It actually started sometime during the day, when a
statue had appeared in the room, accompanied by a very perplexed but ultimately bored cat. The cat paced the room for a bit before eventually curling up into a ball near the statue. It was probably very boring for anyone who had decided to watch.
It would be sunset before anything interesting happened. Cracks began to appear in the statue as it seemed to be breaking apart from the inside out. Finally, with a roar and eyes glowing red, Elisa burst forth from the statue, shattering bits of stone across the room.
When Elisa realized she didn’t know where she was, didn’t even know how she’d gotten there, she dropped instinctively into a defensive crouch. Her wings, which had been flared, flattened, draped themselves over her body. Her large pointed ears twitched as she tried to listen for any clues, while at the same time she took in several deep breaths through her nose, trying to draw in any scents out of her environment. It was the vulnerability of a Gargoyle, to be moved during the day or worse. But where were the others...?

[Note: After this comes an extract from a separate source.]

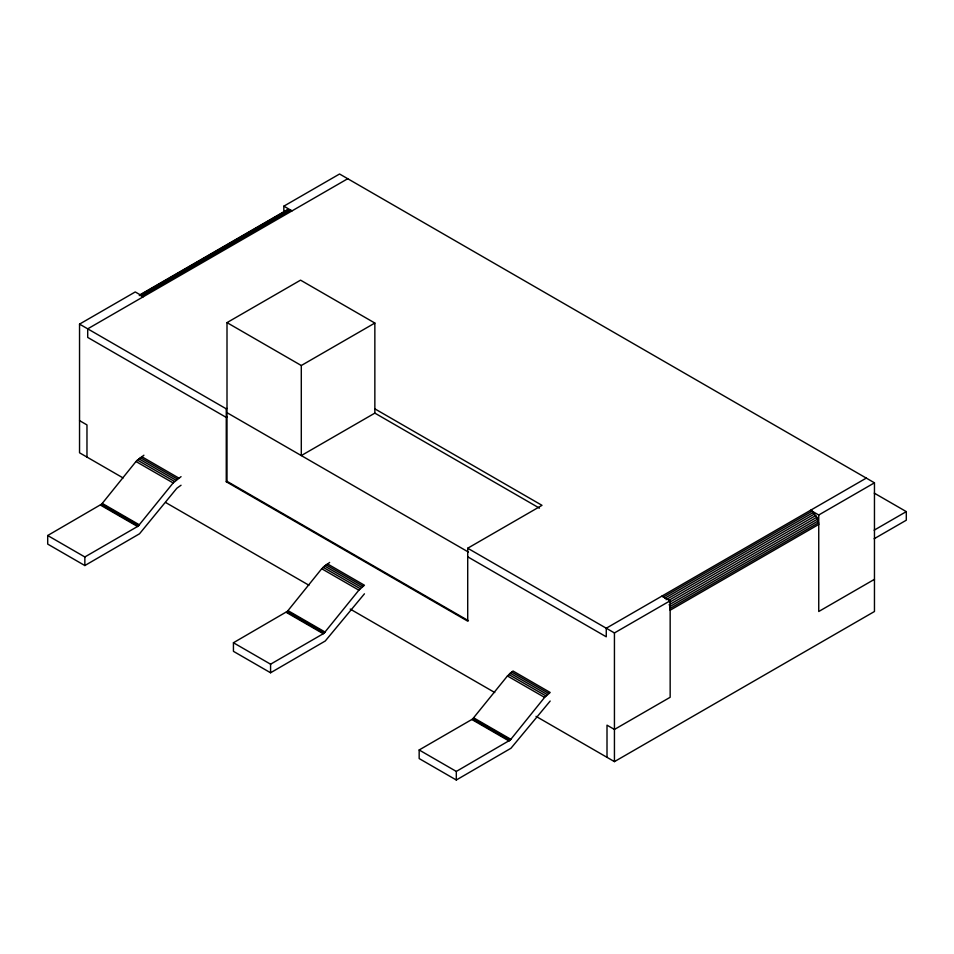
<?xml version="1.0" encoding="UTF-8"?>
<svg xmlns="http://www.w3.org/2000/svg" width="954" height="954" viewBox="0 0 954 954"><rect width="100%" height="100%" fill="white"/><g stroke="black" fill="none" stroke-linecap="round" stroke-linejoin="round"><path stroke-width="1.43" d="M284.328 212.659L285.747 210.643M181.045 485.24L176.848 488.233L139.511 533.787L84.846 565.543L47.7 544.09L47.7 535.516L101.708 504.082L135.993 461.509L143.899 455.213M47.7 535.516L84.846 556.969L138.223 526.083L173.139 482.951L181.045 476.654M364.44 593.817L325.242 641.016L270.578 672.773L233.432 651.332L233.432 642.746L287.428 611.311L321.725 568.739L329.631 562.443M233.432 642.746L270.578 664.199L323.955 633.313L358.859 590.18L364.44 585.243L327.294 563.79M419.164 749.975L472.54 719.089L507.445 675.969L513.025 671.02L550.172 692.473L544.591 697.41L510.307 739.982L456.31 771.428L419.164 749.975L419.164 758.561L456.31 780.002L510.974 748.246L550.172 701.047M123.102 477.942L79.54 452.792L79.54 324.121L135.253 291.948L143.434 296.67L140.632 295.621L289.217 209.844L292.007 210.882L283.839 206.171L283.839 212.909M283.839 206.171L339.564 173.998L874.46 482.819L874.46 611.502L614.436 761.626L536.041 716.359M139.451 295.108L286.76 210.059L289.217 209.844M139.344 295.573L287.929 209.785M142.015 295.99L290.588 210.214M347.733 178.72L87.708 328.844L87.708 337.418L226.265 417.411L227.004 416.981M468.462 620.72L227.004 481.317L227.004 322.619L300.558 280.154L374.85 323.048L374.85 413.118L539.439 508.148M79.54 324.121L226.265 408.837L227.004 408.407M227.004 322.619L301.297 365.513L374.85 323.048M226.265 408.837L226.265 481.746L227.004 481.317M374.85 413.118L301.297 455.583L301.297 365.513M226.265 481.746L467.71 621.149L467.71 548.228L542.003 505.334L374.85 408.837M866.292 478.097L606.267 628.221L606.267 636.807L467.71 556.814M818.246 520.92L669.672 606.696L670.161 610.214L818.747 524.426L816.827 517.259L811.985 511.237L663.412 597.013L661.993 596.059L670.161 600.77L670.161 697.279L614.436 729.452L607.006 725.159L607.006 757.333M664.783 598.241L813.368 512.453M666.071 599.684L814.656 513.896M668.515 600.555L815.825 515.518M467.71 548.228L614.436 632.943L670.161 600.77M811.985 511.237L810.566 510.271L818.747 514.993L874.46 482.819M669.529 602.296L816.827 517.259M669.064 604.86L817.65 519.071M670.03 608.497L818.615 522.72M874.15 530.185L906.3 511.618L906.3 520.204L874.15 538.76M874.46 579.328L818.747 611.502L818.747 514.993M874.281 493.135L906.3 511.618M227.004 412.688L468.462 552.092M79.54 420.631L86.969 424.924L86.969 457.085M141.562 456.561L178.708 478.014M140.107 457.515L177.253 478.956M325.839 564.744L362.985 586.185M511.571 671.974L548.717 693.415M138.676 458.671L175.822 480.112M324.408 565.901L361.554 587.342M510.14 673.13L547.286 694.572M137.293 460.007L174.439 481.448M323.024 567.236L360.171 588.678M508.756 674.466L545.903 695.907M135.993 461.509L173.139 482.951M321.725 568.739L358.859 590.18M507.445 675.969L544.591 697.41M165.686 502.531L308.917 585.231M350.213 609.069L494.744 692.521M102.293 503.426L139.439 524.867M288.025 610.655L325.171 632.097M473.756 717.885L510.891 739.326M101.708 504.082L138.855 525.523M287.428 611.311L324.575 632.752M473.16 718.541L510.307 739.982M101.076 504.63L138.223 526.083M286.808 611.86L323.955 633.313M472.54 719.089L509.686 740.542M100.432 505.071L137.579 526.513M286.164 612.301L323.311 633.754M471.896 719.531L509.042 740.984M614.436 632.943L614.436 761.626M456.31 771.428L456.31 780.002M270.578 664.199L270.578 672.773M84.846 556.969L84.846 565.543"/></g></svg>

The metal of the platform was cold under her bare feet and the room was strangely empty. Satisfied, for the moment, that there was no direct threat to her here, she started to look around. “Where the hell am I…?” she asked, not expecting an answer, but prepared for the possibility of one all the same.
She stood, moving down off the platform with careful steps. She spared a glance behind her, catching sight of the complicated machinery that dominated the ceiling. It was far beyond her understanding, though not necessarily the most fantastic thing she had seen. “Xanatos, maybe?” she asked herself. “Wouldn’t put it past him to build a working teleporter, but why isn’t he here to gloat?”
Elisa stopped as she realized something was off. She looked down at her wrist and saw something silver there, a bracelet. That definitely wasn’t right. She hadn’t been much of one for jewelry to begin with and in her line of work, items like that had a decent chance of getting damaged. Surprisingly, she found she couldn’t remove it, prompting a growl of irritation from her throat. Had she been tagged somehow? “I swear, if I’m in some kind of zoo…” The “theme park” in Ishmura had been bad enough….
"Mew?"
Her pet's sudden vocalization caught her even more by surprise. "You're here too, Cagney?"
“Okay, Elisa,” she told herself, “time to put that brain of yours to work. You’re in some kind of chamber that half looks like something out of some sci-fi show, no sign of Goliath and the others, with a bracelet you can’t take off, and no sign of anyone else, good or bad.”
She let that thought mull over in her head. “Okay. I got nothing.”
Something else, a pedestal, caught her eye and she approached it cautiously, finding some kind of tablet on it. “This just gets weirder and weirder…” she muttered to herself.